--- Task item ---
The line containing "[diagram v3a: part of the schematic, before]" marks the end; return exactly every line from the start of the records up to and including it, but no pictures.

Records from a data collection
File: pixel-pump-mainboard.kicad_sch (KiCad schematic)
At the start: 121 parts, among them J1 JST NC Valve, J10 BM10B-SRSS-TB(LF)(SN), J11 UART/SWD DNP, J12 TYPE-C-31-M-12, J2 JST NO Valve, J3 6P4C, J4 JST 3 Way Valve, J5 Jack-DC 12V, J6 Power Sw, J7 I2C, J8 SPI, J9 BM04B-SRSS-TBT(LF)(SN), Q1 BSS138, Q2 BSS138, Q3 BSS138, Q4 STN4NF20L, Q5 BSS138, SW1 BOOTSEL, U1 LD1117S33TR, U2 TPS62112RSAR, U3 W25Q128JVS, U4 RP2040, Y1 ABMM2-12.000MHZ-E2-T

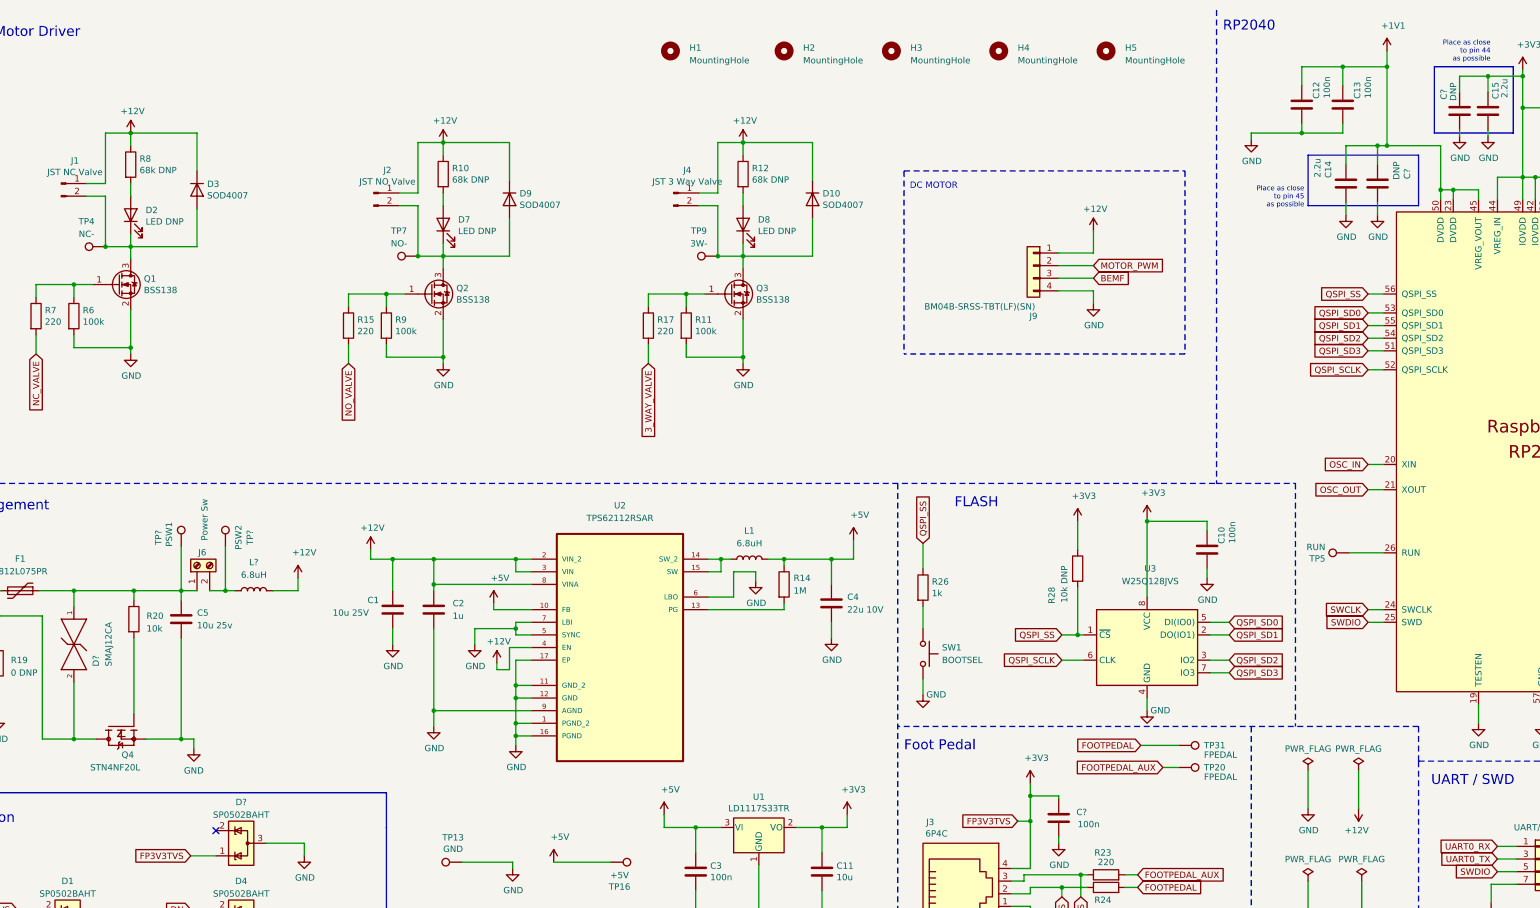
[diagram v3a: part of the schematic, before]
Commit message: ERC & Assigned footprints
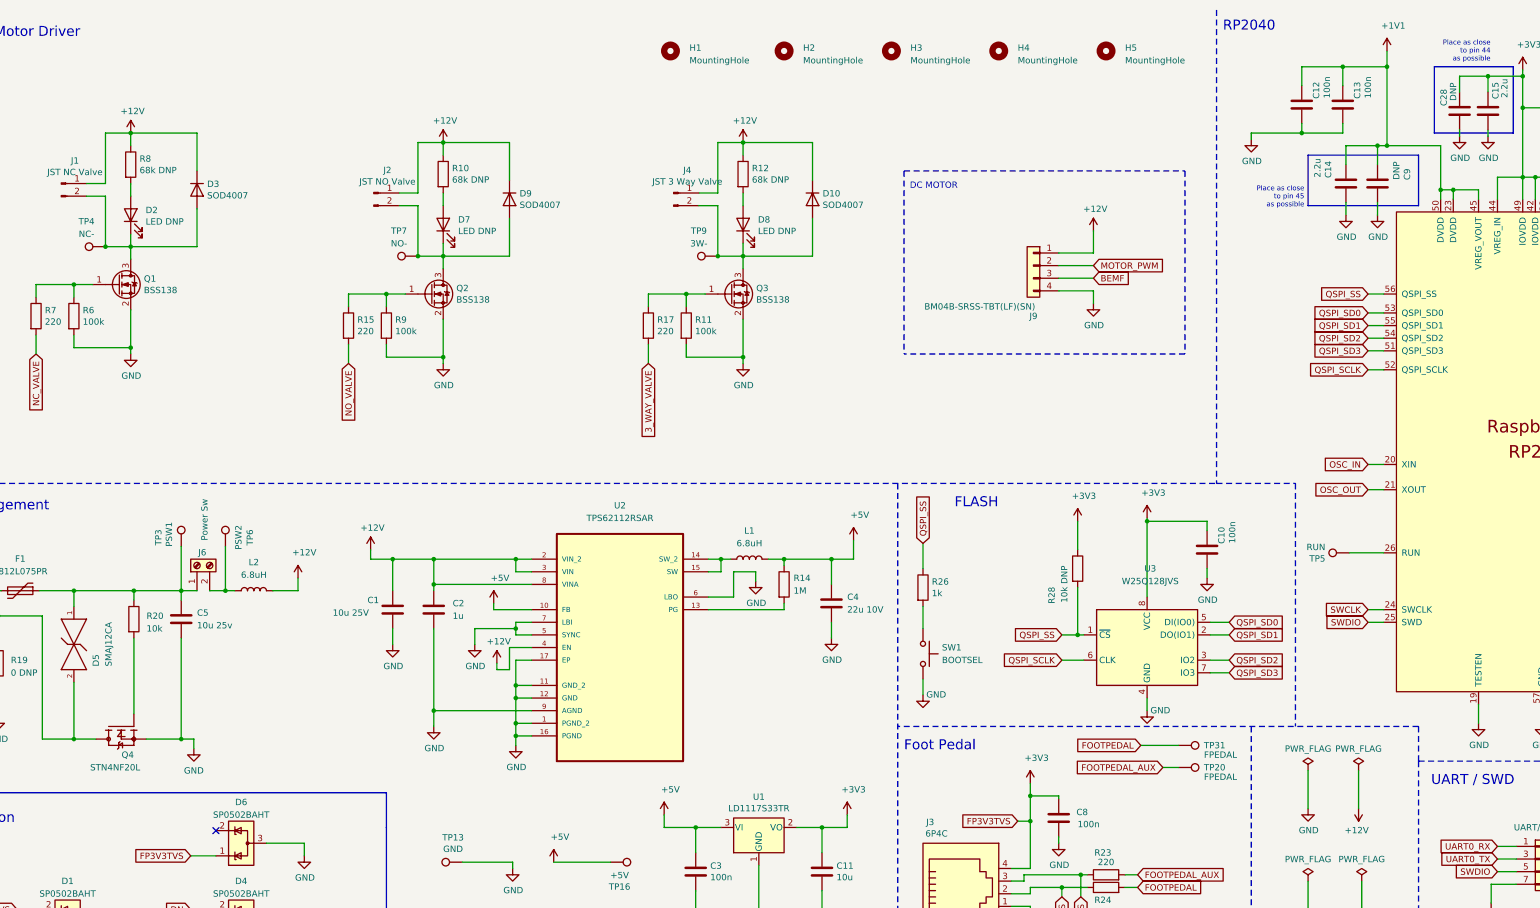
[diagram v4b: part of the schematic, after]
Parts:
- D5: renamed from D?; footprint Littelfuse_Inc-SMAJ-CA-0-0-* -> Diode_SMD:D_SMA
- gave numbers to parts that had none: 7
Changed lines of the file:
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@@
   (symbol (lib_id "SMAJ12CA:SMAJ12CA") (at 46.99 130.175 270) (unit 1)
     (in_bom yes) (on_board yes)
-    (property "Reference" "D?" (id 0) (at 51.435 144.7801 0)
+    (property "Reference" "D5" (id 0) (at 51.435 144.7801 0)
       (effects (font (size 1.27 1.27)) (justify right))
     )
@@
       (effects (font (size 1.27 1.27)) (justify right))
     )
-    (property "Footprint" "Littelfuse_Inc-SMAJ-CA-0-0-*" (id 2) (at 57.15 130.175 0)
+    (property "Footprint" "Diode_SMD:D_SMA" (id 2) (at 57.15 130.175 0)
       (effects (font (size 1.27 1.27)) (justify left) hide)
     )
@@
   (symbol (lib_id "power:GND") (at 245.11 180.34 0) (unit 1)
     (in_bom yes) (on_board yes)
-    (property "Reference" "#PWR?" (id 0) (at 245.11 186.69 0)
+    (property "Reference" "#PWR051" (id 0) (at 245.11 186.69 0)
       (effects (font (size 1.27 1.27)) hide)
     )
@@
   (symbol (lib_id "Device:C") (at 245.11 175.26 180) (unit 1)
     (in_bom yes) (on_board yes)
-    (property "Reference" "C?" (id 0) (at 248.666 174.0916 0)
+    (property "Reference" "C8" (id 0) (at 248.666 174.0916 0)
       (effects (font (size 1.27 1.27)) (justify right))
     )
@@
   (symbol (lib_id "power:GND") (at 93.345 182.88 0) (unit 1)
     (in_bom yes) (on_board yes)
-    (property "Reference" "#PWR?" (id 0) (at 93.345 189.23 0)
+    (property "Reference" "#PWR047" (id 0) (at 93.345 189.23 0)
       (effects (font (size 1.27 1.27)) hide)
     )
@@
   (symbol (lib_id "Power_Protection:SP0502BAHT") (at 80.645 180.34 90) (unit 1)
     (in_bom yes) (on_board yes) (fields_autoplaced)
-    (property "Reference" "D?" (id 0) (at 80.645 172.085 90))
+    (property "Reference" "D6" (id 0) (at 80.645 172.085 90))
     (property "Value" "SP0502BAHT" (id 1) (at 80.645 174.625 90))
     (property "Footprint" "Package_TO_SOT_SMD:SOT-23" (id 2) (at 81.915 174.625 0)
@@
   (symbol (lib_id "power:GND") (at 309.245 53.975 0) (unit 1)
     (in_bom yes) (on_board yes)
-    (property "Reference" "#PWR?" (id 0) (at 309.245 60.325 0)
+    (property "Reference" "#PWR052" (id 0) (at 309.245 60.325 0)
       (effects (font (size 1.27 1.27)) hide)
     )
@@
   (symbol (lib_id "Connector:TestPoint") (at 77.47 120.65 0) (unit 1)
     (in_bom yes) (on_board yes)
-    (property "Reference" "TP?" (id 0) (at 82.423 118.8212 90))
+    (property "Reference" "TP6" (id 0) (at 82.423 118.8212 90))
     (property "Value" "PSW2" (id 1) (at 80.112 118.821 90))
     (property "Footprint" "TestPoint:TestPoint_Pad_D2.0mm" (id 2) (at 82.55 120.65 0)
@@
   (symbol (lib_id "Device:L") (at 83.185 129.54 90) (unit 1)
     (in_bom yes) (on_board yes) (fields_autoplaced)
-    (property "Reference" "L?" (id 0) (at 83.185 123.825 90))
+    (property "Reference" "L2" (id 0) (at 83.185 123.825 90))
     (property "Value" "6.8uH" (id 1) (at 83.185 126.365 90))
     (property "Footprint" "Inductor_SMD:L_TDK_SLF7032" (id 2) (at 83.185 129.54 0)
@@
   (symbol (lib_id "Device:C") (at 325.755 33.02 0) (unit 1)
     (in_bom yes) (on_board yes)
-    (property "Reference" "C?" (id 0) (at 322.58 28.6004 90)
+    (property "Reference" "C28" (id 0) (at 322.58 28.6004 90)
       (effects (font (size 1.27 1.27)) (justify right))
     )
@@
   (symbol (lib_id "Connector:TestPoint") (at 68.58 120.65 0) (unit 1)
     (in_bom yes) (on_board yes)
-    (property "Reference" "TP?" (id 0) (at 64.008 118.8212 90))
+    (property "Reference" "TP3" (id 0) (at 64.008 118.8212 90))
     (property "Value" "PSW1" (id 1) (at 66.142 118.186 90))
     (property "Footprint" "TestPoint:TestPoint_Pad_D2.0mm" (id 2) (at 73.66 120.65 0)
@@
   (symbol (lib_id "power:GND") (at 325.755 38.1 0) (unit 1)
     (in_bom yes) (on_board yes)
-    (property "Reference" "#PWR?" (id 0) (at 325.755 44.45 0)
+    (property "Reference" "#PWR053" (id 0) (at 325.755 44.45 0)
       (effects (font (size 1.27 1.27)) hide)
     )
@@
   (symbol (lib_id "Device:C") (at 309.245 47.625 0) (unit 1)
     (in_bom yes) (on_board yes)
-    (property "Reference" "C?" (id 0) (at 315.214 44.6024 90)
+    (property "Reference" "C9" (id 0) (at 315.214 44.6024 90)
       (effects (font (size 1.27 1.27)) (justify right))
     )
@@
       (reference "#PWR046") (unit 1) (value "GND") (footprint "")
     )
+    (path "/656263cd-a553-4d5e-94a2-ec750e36dd23"
+      (reference "#PWR047") (unit 1) (value "GND") (footprint "")
+    )
     (path "/c91c65e0-b015-48ec-810e-87c47c31276e"
       (reference "#PWR048") (unit 1) (value "GND") (footprint "")
@@
       (reference "#PWR050") (unit 1) (value "+5V") (footprint "")
     )
+    (path "/04fbeb4d-1f5e-4cc1-a1c6-06b82e55fec8"
+      (reference "#PWR051") (unit 1) (value "GND") (footprint "")
+    )
+    (path "/71bbef32-3387-4c77-b0ac-94baa11e2466"
+      (reference "#PWR052") (unit 1) (value "GND") (footprint "")
+    )
+    (path "/edc12b9d-a4c3-4954-9a48-70bcad896f7a"
+      (reference "#PWR053") (unit 1) (value "GND") (footprint "")
+    )
     (path "/51fb0a17-77ea-4f1c-b1a9-892942582436"
       (reference "#PWR0101") (unit 1) (value "+5V") (footprint "")
@@
       (reference "#PWR0177") (unit 1) (value "+12V") (footprint "")
     )
-    (path "/04fbeb4d-1f5e-4cc1-a1c6-06b82e55fec8"
-      (reference "#PWR?") (unit 1) (value "GND") (footprint "")
-    )
-    (path "/656263cd-a553-4d5e-94a2-ec750e36dd23"
-      (reference "#PWR?") (unit 1) (value "GND") (footprint "")
-    )
-    (path "/71bbef32-3387-4c77-b0ac-94baa11e2466"
-      (reference "#PWR?") (unit 1) (value "GND") (footprint "")
-    )
-    (path "/edc12b9d-a4c3-4954-9a48-70bcad896f7a"
-      (reference "#PWR?") (unit 1) (value "GND") (footprint "")
-    )
     (path "/f2f8bd37-909b-41a4-8113-25e4c56a139c"
       (reference "C1") (unit 1) (value "10u 25V") (footprint "Capacitor_SMD:C_1210_3225Metric")
@@
       (reference "C7") (unit 1) (value "27p") (footprint "Capacitor_SMD:C_0603_1608Metric")
     )
+    (path "/0c9f9409-df68-405b-9b9a-0a3c681ff164"
+      (reference "C8") (unit 1) (value "100n") (footprint "Capacitor_SMD:C_0603_1608Metric")
+    )
+    (path "/fcce3af6-bd65-47bf-b11f-30353ee394c6"
+      (reference "C9") (unit 1) (value "DNP") (footprint "Capacitor_SMD:C_0402_1005Metric")
+    )
     (path "/a96ebdb9-5820-4d66-9f7d-3d99d74f050a"
       (reference "C10") (unit 1) (value "100n") (footprint "Capacitor_SMD:C_0402_1005Metric")
@@
       (reference "C27") (unit 1) (value "100n") (footprint "Capacitor_SMD:C_0603_1608Metric")
     )
-    (path "/0c9f9409-df68-405b-9b9a-0a3c681ff164"
-      (reference "C?") (unit 1) (value "100n") (footprint "Capacitor_SMD:C_0603_1608Metric")
-    )
     (path "/d2052ab4-d2a1-4ba1-8e79-e53b1f2a4f63"
-      (reference "C?") (unit 1) (value "DNP") (footprint "Capacitor_SMD:C_0402_1005Metric")
-    )
-    (path "/fcce3af6-bd65-47bf-b11f-30353ee394c6"
-      (reference "C?") (unit 1) (value "DNP") (footprint "Capacitor_SMD:C_0402_1005Metric")
+      (reference "C28") (unit 1) (value "DNP") (footprint "Capacitor_SMD:C_0402_1005Metric")
     )
     (path "/400e7f02-3fa9-441b-9158-d4a9ac83b942"
@@
       (reference "D4") (unit 1) (value "SP0502BAHT") (footprint "Package_TO_SOT_SMD:SOT-23")
     )
+    (path "/04d46d44-29f0-41e2-b9c2-faca40bb6170"
+      (reference "D5") (unit 1) (value "SMAJ12CA") (footprint "Diode_SMD:D_SMA")
+    )
+    (path "/6a9588f5-5a62-4bc2-9606-c8cac96c59f6"
+      (reference "D6") (unit 1) (value "SP0502BAHT") (footprint "Package_TO_SOT_SMD:SOT-23")
+    )
     (path "/00000000-0000-0000-0000-0000605beb31"
       (reference "D7") (unit 1) (value "LED DNP") (footprint "LED_SMD:LED_0603_1608Metric")
@@
       (reference "D10") (unit 1) (value "SOD4007") (footprint "Diode_SMD:D_SOD-123F")
     )
-    (path "/04d46d44-29f0-41e2-b9c2-faca40bb6170"
-      (reference "D?") (unit 1) (value "SMAJ12CA") (footprint "Littelfuse_Inc-SMAJ-CA-0-0-*")
-    )
-    (path "/6a9588f5-5a62-4bc2-9606-c8cac96c59f6"
-      (reference "D?") (unit 1) (value "SP0502BAHT") (footprint "Package_TO_SOT_SMD:SOT-23")
-    )
     (path "/61625a32-c238-40ad-b2a9-98b507a4a82c"
       (reference "F1") (unit 1) (value "1812L075PR") (footprint "Fuse:Fuse_1812_4532Metric")
@@
     )
     (path "/9f1122b9-9748-4ccf-aa2f-d98f75196857"
-      (reference "L?") (unit 1) (value "6.8uH") (footprint "Inductor_SMD:L_TDK_SLF7032")
+      (reference "L2") (unit 1) (value "6.8uH") (footprint "Inductor_SMD:L_TDK_SLF7032")
     )
     (path "/00000000-0000-0000-0000-0000604afb22"
@@
       (reference "TP2") (unit 1) (value "USB D-") (footprint "TestPoint:TestPoint_Pad_D2.0mm")
     )
+    (path "/eaf4e827-48c7-474b-9b97-75c6139eb8f0"
+      (reference "TP3") (unit 1) (value "PSW1") (footprint "TestPoint:TestPoint_Pad_D2.0mm")
+    )
     (path "/00000000-0000-0000-0000-0000615f04a2"
       (reference "TP4") (unit 1) (value "NC-") (footprint "TestPoint:TestPoint_Pad_D2.0mm")
@@
       (reference "TP5") (unit 1) (value "RUN") (footprint "TestPoint:TestPoint_Pad_D2.0mm")
     )
+    (path "/7e6da121-6b6e-4747-b19a-096c4bd1260a"
+      (reference "TP6") (unit 1) (value "PSW2") (footprint "TestPoint:TestPoint_Pad_D2.0mm")
+    )
     (path "/00000000-0000-0000-0000-0000615f0e5c"
       (reference "TP7") (unit 1) (value "NO-") (footprint "TestPoint:TestPoint_Pad_D2.0mm")
@@
       (reference "TP31") (unit 1) (value "FPEDAL") (footprint "TestPoint:TestPoint_Pad_D2.0mm")
     )
-    (path "/7e6da121-6b6e-4747-b19a-096c4bd1260a"
-      (reference "TP?") (unit 1) (value "PSW2") (footprint "TestPoint:TestPoint_Pad_D2.0mm")
-    )
-    (path "/eaf4e827-48c7-474b-9b97-75c6139eb8f0"
-      (reference "TP?") (unit 1) (value "PSW1") (footprint "TestPoint:TestPoint_Pad_D2.0mm")
-    )
     (path "/00000000-0000-0000-0000-00005fe07207"

--- Task output ---
File: pixel-pump-mainboard.kicad_sch (KiCad schematic)
At the start: 121 parts, among them J1 JST NC Valve, J10 BM10B-SRSS-TB(LF)(SN), J11 UART/SWD DNP, J12 TYPE-C-31-M-12, J2 JST NO Valve, J3 6P4C, J4 JST 3 Way Valve, J5 Jack-DC 12V, J6 Power Sw, J7 I2C, J8 SPI, J9 BM04B-SRSS-TBT(LF)(SN), Q1 BSS138, Q2 BSS138, Q3 BSS138, Q4 STN4NF20L, Q5 BSS138, SW1 BOOTSEL, U1 LD1117S33TR, U2 TPS62112RSAR, U3 W25Q128JVS, U4 RP2040, Y1 ABMM2-12.000MHZ-E2-T

[diagram v3a: part of the schematic, before]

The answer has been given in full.